Но они меняются, улица и страна. Нет ни дяди Домингуша, ни того дома на улице Фридриха Энгельса в центре Луанды, где вырос Жузе. Есть «Алло-такси», супермаркет «Жумбо» и новостройки на Маржинале, которые воздвигли без ведома русалки-мойры Кианды. Помпезный фасад Национального банка Анголы и площадь Балейзау, где маленькому Жузе когда-то покупали мороженое. Теперь там нет мороженщика, зато есть странная скульптура, похожая на космический корабль «Пегас» из «Тайны третьей планеты». Есть вечная стройка: отбойные молотки, подъемные краны. С террасы, на которой мы с Жузе курим вечерний косяк по возвращении из Уамбо, открывается вид на Форталезу, звездообразную крепость из побеленного камня, построенную в 1576 году на краю Нижнего города, а четыреста лет спустя – перепрофилированную в Музей вооруженных сил («Как если бы тетушку-бессангану переодели в хаки», – говорит Жузе). Советские МиГи соседствуют с пушками XVII века и каменными статуями португальских первопроходцев в широкополых шляпах и воротниках колесом. Здесь же нашла свое последнее пристанище и статуя королевы Нзинги. В 1992 году Жонаш Савимби, проиграв выборы душ Сантушу, оккупировал эту крепость и провозгласил ее новым президентским дворцом. У подножия холма Форталезы виднеются хибары муссека. В сезон дождей их всегда затапливает, и весь район превращается в одну большую лужу.
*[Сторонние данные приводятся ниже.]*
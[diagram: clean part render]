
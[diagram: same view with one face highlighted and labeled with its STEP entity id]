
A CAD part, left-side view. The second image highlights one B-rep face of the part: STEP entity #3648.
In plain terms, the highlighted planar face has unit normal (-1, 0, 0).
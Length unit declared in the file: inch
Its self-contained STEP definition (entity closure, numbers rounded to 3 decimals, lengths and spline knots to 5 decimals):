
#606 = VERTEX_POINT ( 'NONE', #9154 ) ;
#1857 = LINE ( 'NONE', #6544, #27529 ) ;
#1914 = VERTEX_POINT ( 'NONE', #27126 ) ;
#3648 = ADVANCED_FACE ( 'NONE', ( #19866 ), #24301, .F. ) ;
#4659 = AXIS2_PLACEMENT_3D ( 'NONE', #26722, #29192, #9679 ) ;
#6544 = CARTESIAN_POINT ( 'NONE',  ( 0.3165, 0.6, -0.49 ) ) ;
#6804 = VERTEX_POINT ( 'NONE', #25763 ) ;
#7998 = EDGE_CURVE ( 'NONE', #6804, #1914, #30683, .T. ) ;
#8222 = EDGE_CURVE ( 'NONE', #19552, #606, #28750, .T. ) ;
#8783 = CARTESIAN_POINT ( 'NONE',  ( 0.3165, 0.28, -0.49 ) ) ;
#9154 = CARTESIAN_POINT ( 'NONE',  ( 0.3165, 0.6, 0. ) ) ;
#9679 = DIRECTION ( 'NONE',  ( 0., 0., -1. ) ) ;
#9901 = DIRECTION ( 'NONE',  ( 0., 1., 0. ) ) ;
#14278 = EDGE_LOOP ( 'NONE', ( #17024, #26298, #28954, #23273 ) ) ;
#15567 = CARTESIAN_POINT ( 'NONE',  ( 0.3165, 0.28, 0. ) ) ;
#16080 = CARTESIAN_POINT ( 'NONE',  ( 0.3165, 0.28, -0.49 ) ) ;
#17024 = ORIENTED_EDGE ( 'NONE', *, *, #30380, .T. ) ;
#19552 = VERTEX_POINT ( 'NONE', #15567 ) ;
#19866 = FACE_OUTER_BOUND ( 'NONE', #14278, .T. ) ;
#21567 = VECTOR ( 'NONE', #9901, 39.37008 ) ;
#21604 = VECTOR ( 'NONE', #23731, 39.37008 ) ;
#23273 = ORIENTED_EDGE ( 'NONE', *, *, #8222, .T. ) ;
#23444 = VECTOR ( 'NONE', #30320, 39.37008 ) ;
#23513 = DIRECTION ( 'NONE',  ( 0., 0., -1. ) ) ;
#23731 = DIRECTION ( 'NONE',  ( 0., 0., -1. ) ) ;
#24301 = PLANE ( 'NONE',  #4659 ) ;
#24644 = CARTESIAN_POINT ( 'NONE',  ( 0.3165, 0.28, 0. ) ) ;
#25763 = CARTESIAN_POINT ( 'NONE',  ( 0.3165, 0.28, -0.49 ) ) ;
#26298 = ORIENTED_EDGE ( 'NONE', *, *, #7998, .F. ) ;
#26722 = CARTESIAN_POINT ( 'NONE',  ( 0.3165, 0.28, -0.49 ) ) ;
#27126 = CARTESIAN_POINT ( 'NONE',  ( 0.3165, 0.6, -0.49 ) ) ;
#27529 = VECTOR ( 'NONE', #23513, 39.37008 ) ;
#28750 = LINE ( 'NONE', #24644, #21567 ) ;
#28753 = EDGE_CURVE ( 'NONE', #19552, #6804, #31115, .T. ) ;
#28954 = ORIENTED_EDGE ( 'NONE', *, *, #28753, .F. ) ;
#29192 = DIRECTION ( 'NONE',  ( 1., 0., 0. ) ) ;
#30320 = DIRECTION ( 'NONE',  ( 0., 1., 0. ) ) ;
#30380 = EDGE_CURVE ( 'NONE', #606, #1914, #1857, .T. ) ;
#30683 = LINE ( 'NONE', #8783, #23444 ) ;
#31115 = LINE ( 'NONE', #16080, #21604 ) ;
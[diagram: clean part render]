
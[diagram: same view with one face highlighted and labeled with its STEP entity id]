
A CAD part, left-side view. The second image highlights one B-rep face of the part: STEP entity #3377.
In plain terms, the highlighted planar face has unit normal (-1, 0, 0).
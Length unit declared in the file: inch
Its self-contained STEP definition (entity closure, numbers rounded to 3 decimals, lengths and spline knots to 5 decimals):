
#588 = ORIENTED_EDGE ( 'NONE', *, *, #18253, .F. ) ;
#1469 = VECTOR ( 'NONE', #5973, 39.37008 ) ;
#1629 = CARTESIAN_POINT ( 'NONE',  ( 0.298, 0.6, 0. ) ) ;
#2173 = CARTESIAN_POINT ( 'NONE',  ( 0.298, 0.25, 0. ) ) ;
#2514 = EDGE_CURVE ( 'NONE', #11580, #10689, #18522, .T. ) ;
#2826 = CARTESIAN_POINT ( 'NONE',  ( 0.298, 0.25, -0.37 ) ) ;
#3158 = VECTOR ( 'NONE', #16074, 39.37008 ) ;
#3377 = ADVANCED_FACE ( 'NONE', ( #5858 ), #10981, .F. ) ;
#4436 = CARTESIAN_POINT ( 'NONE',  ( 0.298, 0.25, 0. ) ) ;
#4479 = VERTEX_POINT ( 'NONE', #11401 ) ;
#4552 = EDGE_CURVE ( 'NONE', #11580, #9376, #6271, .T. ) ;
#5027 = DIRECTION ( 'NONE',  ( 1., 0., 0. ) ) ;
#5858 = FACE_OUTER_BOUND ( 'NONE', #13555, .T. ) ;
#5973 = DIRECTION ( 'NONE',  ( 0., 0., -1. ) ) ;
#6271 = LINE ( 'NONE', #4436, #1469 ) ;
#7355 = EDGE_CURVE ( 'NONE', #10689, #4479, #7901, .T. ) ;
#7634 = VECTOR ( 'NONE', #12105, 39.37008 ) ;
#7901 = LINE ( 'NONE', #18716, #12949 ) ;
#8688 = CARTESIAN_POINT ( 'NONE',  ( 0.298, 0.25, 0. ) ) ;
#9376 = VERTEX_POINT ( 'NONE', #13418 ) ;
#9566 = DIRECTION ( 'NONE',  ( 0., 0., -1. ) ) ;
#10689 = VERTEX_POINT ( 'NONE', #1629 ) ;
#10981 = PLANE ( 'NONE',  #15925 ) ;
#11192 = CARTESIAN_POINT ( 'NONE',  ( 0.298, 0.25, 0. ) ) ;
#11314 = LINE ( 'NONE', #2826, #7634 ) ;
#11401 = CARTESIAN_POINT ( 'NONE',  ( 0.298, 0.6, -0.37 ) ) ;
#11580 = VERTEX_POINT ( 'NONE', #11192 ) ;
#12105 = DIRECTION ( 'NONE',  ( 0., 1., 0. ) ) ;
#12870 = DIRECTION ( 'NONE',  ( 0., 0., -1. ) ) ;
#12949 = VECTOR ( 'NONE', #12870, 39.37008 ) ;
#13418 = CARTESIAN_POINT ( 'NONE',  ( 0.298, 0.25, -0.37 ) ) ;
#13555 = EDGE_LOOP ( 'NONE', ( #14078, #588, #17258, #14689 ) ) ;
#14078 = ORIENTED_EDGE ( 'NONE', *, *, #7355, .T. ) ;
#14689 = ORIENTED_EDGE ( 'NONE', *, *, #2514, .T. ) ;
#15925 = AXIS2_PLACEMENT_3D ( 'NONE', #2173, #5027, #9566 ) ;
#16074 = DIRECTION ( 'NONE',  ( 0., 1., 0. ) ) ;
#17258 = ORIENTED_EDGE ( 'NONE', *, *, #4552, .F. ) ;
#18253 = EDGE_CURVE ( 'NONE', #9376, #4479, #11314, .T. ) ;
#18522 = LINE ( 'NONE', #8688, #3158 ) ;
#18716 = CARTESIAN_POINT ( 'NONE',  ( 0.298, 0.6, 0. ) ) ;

Скоро эти хижины снесут, на их месте вознесется новый жилой массив с супермаркетом на первом этаже.
– Все эти супермеркадуш, «Алло-такси», «Эйрбиэнби»… Все это создано для узкой прослойки под названием «средний класс», чтобы они тоже почувствовали себя частью мира богатых, – рассуждает Жузе, снимая ботинок, чтобы прихлопнуть гигантского таракана. – Я помню время, когда в Луанде вообще не было магазинов, только рынки, и не было такси, только кандонгейруш. – Ботинок опускается быстро и тяжело, вынося смертный приговор, как судейский молоток. От таракана остается большое темное пятно. – Раньше всего этого не было. И я не уверен, что все эти нововведения так уж нужны луандцам и делают их жизнь лучше.